29. Routing • Routing is like optimum path selection, but for vector data • Example 1: • Finding the optimal route between two locations on a vector road network utilizing road attributes (e.g., speed limit, congestion, # of lanes) • Routing often involves multiple paths – so it can incorporates both the paths and the order of stops • Example 2: The ‘traveling salesman problem’ • Suppose we have a set of locations we need to visit, and we want to minimize travel time. • Our route must find the shortest path from the origin, through a set of destinations, and back to the origin.

30. Example Routing Problem:Routing Service Technicians for an Elevator Co. • Every day this company’s service crews must visit a different set of locations in Los Angeles. • GIS is used to partition the day’s workload among the crews and trucks (color coding) and to optimize the route to minimize time and cost.

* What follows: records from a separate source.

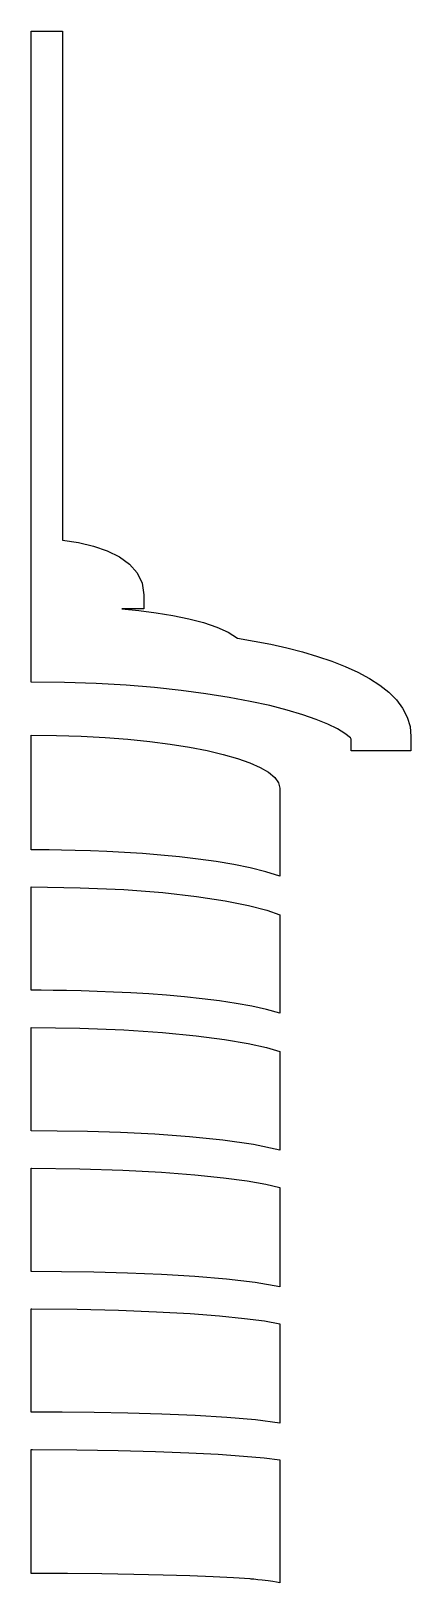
# Model space of a CAD drawing. Extents: x 1 to 150, y 1 to 611.
import ezdxf

# ---------------------------------------------------------------- set-up
doc = ezdxf.new("R2010")
doc.units = 0
doc.layers.get('0').update_dxf_attribs({"linetype": 'CONTINUOUS'})

msp = doc.modelspace()

# ---------------------------------------------------------------- linework, layer by layer
at = {"color": 173}
for p, q in [((1.04455, 355.071), (1.04455, 610.672)), ((1.04455, 610.672), (13.3918, 610.672)), ((13.3918, 610.672), (13.3918, 410.796)), ((13.3918, 410.796), (19.6536, 409.864)), ((19.6536, 409.864), (25.5681, 408.485)), ((25.5681, 408.485), (30.9838, 406.64)), ((30.9838, 406.64), (35.7519, 404.29)), ((35.7519, 404.29), (39.7207, 401.412)), ((39.7207, 401.412), (42.7411, 397.972)), ((42.7411, 397.972), (44.6634, 393.947)), ((44.6634, 393.947), (45.339, 389.304)), ((45.339, 389.304), (45.339, 383.815)), ((45.339, 383.815), (36.6818, 383.815)), ((36.6818, 383.815), (43.4414, 383.134)), ((43.4414, 383.134), (50.1703, 382.274)), ((50.1703, 382.274), (56.7323, 381.219)), ((56.7323, 381.219), (62.9874, 379.945)), ((62.9874, 379.945), (68.7987, 378.442)), ((68.7987, 378.442), (74.0269, 376.686)), ((74.0269, 376.686), (78.5343, 374.661)), ((78.5343, 374.661), (82.1835, 372.35)), ((82.1835, 372.35), (88.7388, 371.196)), ((88.7388, 371.196), (95.1989, 369.909)), ((95.1989, 369.909), (101.517, 368.476)), ((101.517, 368.476), (107.651, 366.899)), ((107.651, 366.899), (113.552, 365.164)), ((113.552, 365.164), (119.175, 363.269)), ((119.175, 363.269), (124.478, 361.202)), ((124.478, 361.202), (129.414, 358.958)), ((14.1345, 354.916), (1.04455, 355.071)), ((26.5879, 354.489), (14.1345, 354.916)), ((38.3907, 353.811), (26.5879, 354.489)), ((49.5293, 352.908), (38.3907, 353.811)), ((129.414, 358.958), (133.938, 356.528)), ((133.938, 356.528), (138.006, 353.907)), ((138.006, 353.907), (141.571, 351.087)), ((59.9902, 351.802), (49.5293, 352.908)), ((69.759, 350.519), (59.9902, 351.802)), ((78.824, 349.083), (69.759, 350.519)), ((87.1707, 347.518), (78.824, 349.083)), ((94.7857, 345.846), (87.1707, 347.518)), ((141.571, 351.087), (144.589, 348.059)), ((144.589, 348.059), (147.016, 344.819)), ((101.656, 344.092), (94.7857, 345.846)), ((107.768, 342.28), (101.656, 344.092)), ((113.107, 340.433), (107.768, 342.28)), ((147.016, 344.819), (148.805, 341.358)), ((148.805, 341.358), (149.911, 337.668)), ((117.661, 338.577), (113.107, 340.433)), ((121.416, 336.735), (117.661, 338.577)), ((124.36, 334.929), (121.416, 336.735)), ((149.911, 337.668), (150.29, 333.742)), ((1.04455, 334.264), (11.045, 334.148)), ((1.04455, 289.285), (1.04455, 334.264)), ((11.045, 334.148), (20.7546, 333.828)), ((20.7546, 333.828), (30.1239, 333.313)), ((30.1239, 333.313), (39.1061, 332.613)), ((39.1061, 332.613), (47.6511, 331.739)), ((47.6511, 331.739), (55.7086, 330.7)), ((55.7086, 330.7), (63.2312, 329.507)), ((63.2312, 329.507), (70.1696, 328.169)), ((126.478, 333.185), (124.36, 334.929)), ((126.676, 332.916), (126.478, 333.185)), ((126.837, 332.662), (126.676, 332.916)), ((126.837, 328.09), (126.837, 332.662)), ((150.29, 333.742), (150.29, 328.09)), ((70.1696, 328.169), (76.4755, 326.695)), ((76.4755, 326.695), (82.0981, 325.098)), ((82.0981, 325.098), (86.9915, 323.387)), ((86.9915, 323.387), (91.1035, 321.571)), ((150.29, 328.09), (126.837, 328.09)), ((91.1035, 321.571), (94.3875, 319.659)), ((94.3875, 319.659), (96.7934, 317.664)), ((96.7934, 317.664), (98.2733, 315.593)), ((98.2733, 315.593), (98.7778, 313.457)), ((98.7778, 313.457), (98.7778, 278.864)), ((4.17961, 289.275), (1.04455, 289.285)), ((8.18691, 289.237), (4.17961, 289.275)), ((12.9618, 289.158), (8.18691, 289.237)), ((18.4051, 289.026), (12.9618, 289.158)), ((24.4133, 288.829), (18.4051, 289.026)), ((30.886, 288.553), (24.4133, 288.829)), ((37.7211, 288.189), (30.886, 288.553)), ((44.8179, 287.723), (37.7211, 288.189)), ((52.0718, 287.143), (44.8179, 287.723)), ((59.3852, 286.438), (52.0718, 287.143)), ((66.6531, 285.593), (59.3852, 286.438)), ((73.7761, 284.596), (66.6531, 285.593)), ((80.651, 283.439), (73.7761, 284.596)), ((87.1774, 282.105), (80.651, 283.439)), ((93.2533, 280.585), (87.1774, 282.105)), ((98.7778, 278.864), (93.2533, 280.585)), ((1.04455, 274.651), (20.2875, 274.367)), ((1.04455, 234.082), (1.04455, 274.651)), ((20.2875, 274.367), (37.5349, 273.593)), ((37.5349, 273.593), (52.783, 272.42)), ((52.783, 272.42), (66.0231, 270.938)), ((66.0231, 270.938), (77.2502, 269.236)), ((77.2502, 269.236), (86.4553, 267.403)), ((86.4553, 267.403), (93.6336, 265.532)), ((93.6336, 265.532), (98.7778, 263.708)), ((98.7778, 263.708), (98.7778, 225.065)), ((5.04088, 234.071), (1.04455, 234.082)), ((9.71518, 234.031), (5.04088, 234.071)), ((14.9848, 233.952), (9.71518, 234.031)), ((20.7629, 233.824), (14.9848, 233.952)), ((26.9641, 233.639), (20.7629, 233.824)), ((33.5029, 233.387), (26.9641, 233.639)), ((40.2953, 233.058), (33.5029, 233.387)), ((47.2571, 232.643), (40.2953, 233.058)), ((54.3003, 232.132), (47.2571, 232.643)), ((61.3421, 231.516), (54.3003, 232.132)), ((68.2957, 230.784), (61.3421, 231.516)), ((75.0768, 229.927), (68.2957, 230.784)), ((81.6021, 228.938), (75.0768, 229.927)), ((87.7824, 227.803), (81.6021, 228.938)), ((93.5373, 226.516), (87.7824, 227.803)), ((98.7778, 225.065), (93.5373, 226.516)), ((1.04455, 219.414), (20.2406, 219.18)), ((1.04455, 178.845), (1.04455, 219.414)), ((20.2406, 219.18), (37.4385, 218.525)), ((37.4385, 218.525), (52.6411, 217.527)), ((52.6411, 217.527), (65.8495, 216.262)), ((65.8495, 216.262), (77.0654, 214.809)), ((77.0654, 214.809), (86.2902, 213.242)), ((86.2902, 213.242), (93.5274, 211.638)), ((93.5274, 211.638), (98.7778, 210.072)), ((98.7778, 210.072), (98.7778, 171.267)), ((1.24161, 178.845), (1.04455, 178.845)), ((11.3592, 178.791), (1.24161, 178.845)), ((23.18, 178.592), (11.3592, 178.791)), ((36.1474, 178.193), (23.18, 178.592)), ((49.7071, 177.538), (36.1474, 178.193)), ((63.3042, 176.573), (49.7071, 177.538)), ((76.3845, 175.244), (63.3042, 176.573)), ((88.3941, 173.492), (76.3845, 175.244)), ((98.7778, 171.267), (88.3941, 173.492)), ((1.04455, 123.642), (1.04455, 164.211)), ((1.04455, 164.211), (1.24161, 164.211)), ((1.24161, 164.211), (20.1607, 164.024)), ((20.1607, 164.024), (37.1658, 163.497)), ((37.1658, 163.497), (52.2538, 162.694)), ((52.2538, 162.694), (65.4184, 161.674)), ((65.4184, 161.674), (76.6576, 160.499)), ((76.6576, 160.499), (85.9663, 159.226)), ((85.9663, 159.226), (93.3401, 157.918)), ((93.3401, 157.918), (98.7778, 156.633)), ((98.7778, 156.633), (98.7778, 117.665)), ((1.40422, 123.642), (1.04455, 123.642)), ((13.0693, 123.591), (1.40422, 123.642)), ((25.7307, 123.413), (13.0693, 123.591)), ((38.9601, 123.073), (25.7307, 123.413)), ((52.3339, 122.532), (38.9601, 123.073)), ((65.4279, 121.758), (52.3339, 122.532)), ((77.8164, 120.713), (65.4279, 121.758)), ((89.0736, 119.36), (77.8164, 120.713)), ((98.7778, 117.665), (89.0736, 119.36)), ((1.04455, 68.4389), (1.04455, 109.008)), ((1.04455, 109.008), (1.40422, 109.008)), ((1.40422, 109.008), (19.1423, 108.876)), ((19.1423, 108.876), (35.4651, 108.5)), ((35.4651, 108.5), (50.286, 107.917)), ((50.286, 107.917), (63.5152, 107.166)), ((63.5152, 107.166), (75.0672, 106.281)), ((75.0672, 106.281), (84.8526, 105.3)), ((84.8526, 105.3), (92.7848, 104.26)), ((92.7848, 104.26), (98.7778, 103.195)), ((98.7778, 103.195), (98.7778, 64.1918)), ((1.60128, 68.4389), (1.04455, 68.4389)), ((13.2209, 68.4043), (1.60128, 68.4389)), ((25.8644, 68.2805), (13.2209, 68.4043)), ((39.0934, 68.0406), (25.8644, 68.2805)), ((52.4729, 67.6603), (39.0934, 68.0406)), ((65.5655, 67.1117), (52.4729, 67.6603)), ((77.9392, 66.3677), (65.5655, 67.1117)), ((89.1551, 65.4043), (77.9392, 66.3677)), ((98.7778, 64.1918), (89.1551, 65.4043)), ((1.04455, 5.10148), (1.04455, 53.8057)), ((1.04455, 53.8057), (1.60128, 53.8057)), ((1.60128, 53.8057), (19.0872, 53.7132)), ((19.0872, 53.7132), (35.2158, 53.4529)), ((35.2158, 53.4529), (49.9043, 53.0475)), ((49.9043, 53.0475), (63.0661, 52.5254)), ((63.0661, 52.5254), (74.6181, 51.9095)), ((74.6181, 51.9095), (84.4765, 51.2258)), ((84.4765, 51.2258), (92.5587, 50.4994)), ((92.5587, 50.4994), (98.7778, 49.7554)), ((98.7778, 49.7554), (98.7778, 1.41111)), ((15.3417, 5.06293), (1.04455, 5.10148)), ((28.8189, 4.94993), (15.3417, 5.06293)), ((41.3812, 4.76663), (28.8189, 4.94993)), ((52.9332, 4.51997), (41.3812, 4.76663)), ((63.3815, 4.21679), (52.9332, 4.51997)), ((72.6295, 3.85988), (63.3815, 4.21679)), ((80.5836, 3.4575), (72.6295, 3.85988)), ((87.1499, 3.01239), (80.5836, 3.4575)), ((87.5411, 2.96416), (87.1499, 3.01239)), ((88.5885, 2.83738), (87.5411, 2.96416)), ((90.1001, 2.65961), (88.5885, 2.83738)), ((91.8849, 2.45566), (90.1001, 2.65961)), ((94.1959, 2.20762), (91.8849, 2.45566)), ((95.9693, 1.93339), (94.1959, 2.20762)), ((97.5071, 1.69361), (95.9693, 1.93339)), ((98.7778, 1.41111), (97.5071, 1.69361))]:
    msp.add_line(p, q, dxfattribs=at)
at = {"color": 0}
for p, q in [((1.04455, 355.071), (1.04455, 610.672)), ((1.04455, 610.672), (13.3918, 610.672)), ((13.3918, 610.672), (13.3918, 410.796)), ((13.3918, 410.796), (19.6536, 409.864)), ((19.6536, 409.864), (25.5681, 408.485)), ((25.5681, 408.485), (30.9838, 406.64)), ((30.9838, 406.64), (35.7519, 404.29)), ((35.7519, 404.29), (39.7207, 401.412)), ((39.7207, 401.412), (42.7411, 397.972)), ((42.7411, 397.972), (44.6634, 393.947)), ((44.6634, 393.947), (45.339, 389.304)), ((45.339, 389.304), (45.339, 383.815)), ((45.339, 383.815), (36.6818, 383.815)), ((36.6818, 383.815), (43.4414, 383.134)), ((43.4414, 383.134), (50.1703, 382.274)), ((50.1703, 382.274), (56.7323, 381.219)), ((56.7323, 381.219), (62.9874, 379.945)), ((62.9874, 379.945), (68.7987, 378.442)), ((68.7987, 378.442), (74.0269, 376.686)), ((74.0269, 376.686), (78.5343, 374.661)), ((78.5343, 374.661), (82.1835, 372.35)), ((82.1835, 372.35), (88.7388, 371.196)), ((88.7388, 371.196), (95.1989, 369.909)), ((95.1989, 369.909), (101.517, 368.476)), ((101.517, 368.476), (107.651, 366.899)), ((107.651, 366.899), (113.552, 365.164)), ((113.552, 365.164), (119.175, 363.269)), ((119.175, 363.269), (124.478, 361.202)), ((124.478, 361.202), (129.414, 358.958)), ((14.1345, 354.916), (1.04455, 355.071)), ((26.5879, 354.489), (14.1345, 354.916)), ((38.3907, 353.811), (26.5879, 354.489)), ((49.5293, 352.908), (38.3907, 353.811)), ((129.414, 358.958), (133.938, 356.528)), ((133.938, 356.528), (138.006, 353.907)), ((138.006, 353.907), (141.571, 351.087)), ((59.9902, 351.802), (49.5293, 352.908)), ((69.759, 350.519), (59.9902, 351.802)), ((78.824, 349.083), (69.759, 350.519)), ((87.1707, 347.518), (78.824, 349.083)), ((94.7857, 345.846), (87.1707, 347.518)), ((141.571, 351.087), (144.589, 348.059)), ((144.589, 348.059), (147.016, 344.819)), ((101.656, 344.092), (94.7857, 345.846)), ((107.768, 342.28), (101.656, 344.092)), ((113.107, 340.433), (107.768, 342.28)), ((147.016, 344.819), (148.805, 341.358)), ((148.805, 341.358), (149.911, 337.668)), ((117.661, 338.577), (113.107, 340.433)), ((121.416, 336.735), (117.661, 338.577)), ((124.36, 334.929), (121.416, 336.735)), ((149.911, 337.668), (150.29, 333.742)), ((1.04455, 334.264), (11.045, 334.148)), ((1.04455, 289.285), (1.04455, 334.264)), ((11.045, 334.148), (20.7546, 333.828)), ((20.7546, 333.828), (30.1239, 333.313)), ((30.1239, 333.313), (39.1061, 332.613)), ((39.1061, 332.613), (47.6511, 331.739)), ((47.6511, 331.739), (55.7086, 330.7)), ((55.7086, 330.7), (63.2312, 329.507)), ((63.2312, 329.507), (70.1696, 328.169)), ((126.478, 333.185), (124.36, 334.929)), ((126.676, 332.916), (126.478, 333.185)), ((126.837, 332.662), (126.676, 332.916)), ((126.837, 328.09), (126.837, 332.662)), ((150.29, 333.742), (150.29, 328.09)), ((70.1696, 328.169), (76.4755, 326.695)), ((76.4755, 326.695), (82.0981, 325.098)), ((82.0981, 325.098), (86.9915, 323.387)), ((86.9915, 323.387), (91.1035, 321.571)), ((150.29, 328.09), (126.837, 328.09)), ((91.1035, 321.571), (94.3875, 319.659)), ((94.3875, 319.659), (96.7934, 317.664)), ((96.7934, 317.664), (98.2733, 315.593)), ((98.2733, 315.593), (98.7778, 313.457)), ((98.7778, 313.457), (98.7778, 278.864)), ((4.17961, 289.275), (1.04455, 289.285)), ((8.18691, 289.237), (4.17961, 289.275)), ((12.9618, 289.158), (8.18691, 289.237)), ((18.4051, 289.026), (12.9618, 289.158)), ((24.4133, 288.829), (18.4051, 289.026)), ((30.886, 288.553), (24.4133, 288.829)), ((37.7211, 288.189), (30.886, 288.553)), ((44.8179, 287.723), (37.7211, 288.189)), ((52.0718, 287.143), (44.8179, 287.723)), ((59.3852, 286.438), (52.0718, 287.143)), ((66.6531, 285.593), (59.3852, 286.438)), ((73.7761, 284.596), (66.6531, 285.593)), ((80.651, 283.439), (73.7761, 284.596)), ((87.1774, 282.105), (80.651, 283.439)), ((93.2533, 280.585), (87.1774, 282.105)), ((98.7778, 278.864), (93.2533, 280.585)), ((1.04455, 274.651), (20.2875, 274.367)), ((1.04455, 234.082), (1.04455, 274.651)), ((20.2875, 274.367), (37.5349, 273.593)), ((37.5349, 273.593), (52.783, 272.42)), ((52.783, 272.42), (66.0231, 270.938)), ((66.0231, 270.938), (77.2502, 269.236)), ((77.2502, 269.236), (86.4553, 267.403)), ((86.4553, 267.403), (93.6336, 265.532)), ((93.6336, 265.532), (98.7778, 263.708)), ((98.7778, 263.708), (98.7778, 225.065)), ((5.04088, 234.071), (1.04455, 234.082)), ((9.71518, 234.031), (5.04088, 234.071)), ((14.9848, 233.952), (9.71518, 234.031)), ((20.7629, 233.824), (14.9848, 233.952)), ((26.9641, 233.639), (20.7629, 233.824)), ((33.5029, 233.387), (26.9641, 233.639)), ((40.2953, 233.058), (33.5029, 233.387)), ((47.2571, 232.643), (40.2953, 233.058)), ((54.3003, 232.132), (47.2571, 232.643)), ((61.3421, 231.516), (54.3003, 232.132)), ((68.2957, 230.784), (61.3421, 231.516)), ((75.0768, 229.927), (68.2957, 230.784)), ((81.6021, 228.938), (75.0768, 229.927)), ((87.7824, 227.803), (81.6021, 228.938)), ((93.5373, 226.516), (87.7824, 227.803)), ((98.7778, 225.065), (93.5373, 226.516)), ((1.04455, 219.414), (20.2406, 219.18)), ((1.04455, 178.845), (1.04455, 219.414)), ((20.2406, 219.18), (37.4385, 218.525)), ((37.4385, 218.525), (52.6411, 217.527)), ((52.6411, 217.527), (65.8495, 216.262)), ((65.8495, 216.262), (77.0654, 214.809)), ((77.0654, 214.809), (86.2902, 213.242)), ((86.2902, 213.242), (93.5274, 211.638)), ((93.5274, 211.638), (98.7778, 210.072)), ((98.7778, 210.072), (98.7778, 171.267)), ((1.24161, 178.845), (1.04455, 178.845)), ((11.3592, 178.791), (1.24161, 178.845)), ((23.18, 178.592), (11.3592, 178.791)), ((36.1474, 178.193), (23.18, 178.592)), ((49.7071, 177.538), (36.1474, 178.193)), ((63.3042, 176.573), (49.7071, 177.538)), ((76.3845, 175.244), (63.3042, 176.573)), ((88.3941, 173.492), (76.3845, 175.244)), ((98.7778, 171.267), (88.3941, 173.492)), ((1.04455, 123.642), (1.04455, 164.211)), ((1.04455, 164.211), (1.24161, 164.211)), ((1.24161, 164.211), (20.1607, 164.024)), ((20.1607, 164.024), (37.1658, 163.497)), ((37.1658, 163.497), (52.2538, 162.694)), ((52.2538, 162.694), (65.4184, 161.674)), ((65.4184, 161.674), (76.6576, 160.499)), ((76.6576, 160.499), (85.9663, 159.226)), ((85.9663, 159.226), (93.3401, 157.918)), ((93.3401, 157.918), (98.7778, 156.633)), ((98.7778, 156.633), (98.7778, 117.665)), ((1.40422, 123.642), (1.04455, 123.642)), ((13.0693, 123.591), (1.40422, 123.642)), ((25.7307, 123.414), (13.0693, 123.591)), ((38.9601, 123.074), (25.7307, 123.414)), ((52.3339, 122.535), (38.9601, 123.074)), ((65.4279, 121.762), (52.3339, 122.535)), ((77.8164, 120.716), (65.4279, 121.762)), ((89.0736, 119.363), (77.8164, 120.716)), ((98.7778, 117.665), (89.0736, 119.363)), ((1.04455, 68.4389), (1.04455, 109.008)), ((1.04455, 109.008), (1.40422, 109.008)), ((1.40422, 109.008), (19.1423, 108.876)), ((19.1423, 108.876), (35.4651, 108.5)), ((35.4651, 108.5), (50.286, 107.917)), ((50.286, 107.917), (63.5152, 107.166)), ((63.5152, 107.166), (75.0672, 106.281)), ((75.0672, 106.281), (84.8526, 105.3)), ((84.8526, 105.3), (92.7848, 104.26)), ((92.7848, 104.26), (98.7778, 103.195)), ((98.7778, 103.195), (98.7778, 64.1918)), ((1.60128, 68.4389), (1.04455, 68.4389)), ((13.2209, 68.4043), (1.60128, 68.4389)), ((25.8644, 68.2805), (13.2209, 68.4043)), ((39.0934, 68.0406), (25.8644, 68.2805)), ((52.4729, 67.6603), (39.0934, 68.0406)), ((65.5655, 67.1117), (52.4729, 67.6603)), ((77.9392, 66.3677), (65.5655, 67.1117)), ((89.1551, 65.4043), (77.9392, 66.3677)), ((98.7778, 64.1918), (89.1551, 65.4043)), ((1.04455, 5.10148), (1.04455, 53.8057)), ((1.04455, 53.8057), (1.60128, 53.8057)), ((1.60128, 53.8057), (19.0872, 53.7132)), ((19.0872, 53.7132), (35.2158, 53.4529)), ((35.2158, 53.4529), (49.9043, 53.0475)), ((49.9043, 53.0475), (63.0661, 52.5254)), ((63.0661, 52.5254), (74.6181, 51.9095)), ((74.6181, 51.9095), (84.4765, 51.2258)), ((84.4765, 51.2258), (92.5587, 50.4994)), ((92.5587, 50.4994), (98.7778, 49.7554)), ((98.7778, 49.7554), (98.7778, 1.41111)), ((15.3417, 5.06293), (1.04455, 5.10148)), ((28.8189, 4.94993), (15.3417, 5.06293)), ((41.3812, 4.76663), (28.8189, 4.94993)), ((52.9332, 4.51997), (41.3812, 4.76663)), ((63.3815, 4.21679), (52.9332, 4.51997)), ((72.6295, 3.85988), (63.3815, 4.21679)), ((80.5836, 3.4575), (72.6295, 3.85988)), ((87.1499, 3.01239), (80.5836, 3.4575)), ((87.5411, 2.96554), (87.1499, 3.01239)), ((88.5885, 2.84014), (87.5411, 2.96554)), ((90.1001, 2.66237), (88.5885, 2.84014)), ((91.8849, 2.45566), (90.1001, 2.66237)), ((94.1959, 2.20762), (91.8849, 2.45566)), ((95.9693, 1.93339), (94.1959, 2.20762)), ((97.5071, 1.69361), (95.9693, 1.93339)), ((98.7778, 1.41111), (97.5071, 1.69361))]:
    msp.add_line(p, q, dxfattribs=at)

doc.saveas('drawing.dxf')

31. 6. Hypothesis Testing • We collect or acquire data and use statistics to test hypothesized relationships between variables from spatial data, such as: • Respiratory disease and distance from polluting factories. • Distance from power lines and brain cancer incidence. • Do more wildlife survive when greater than a mile from regular human activity? • Do the restaurants of a chain located in higher income areas bring in more revenue? • What combination of soil type, climatic conditions, and fertilizer use generally produce the highest crop yield?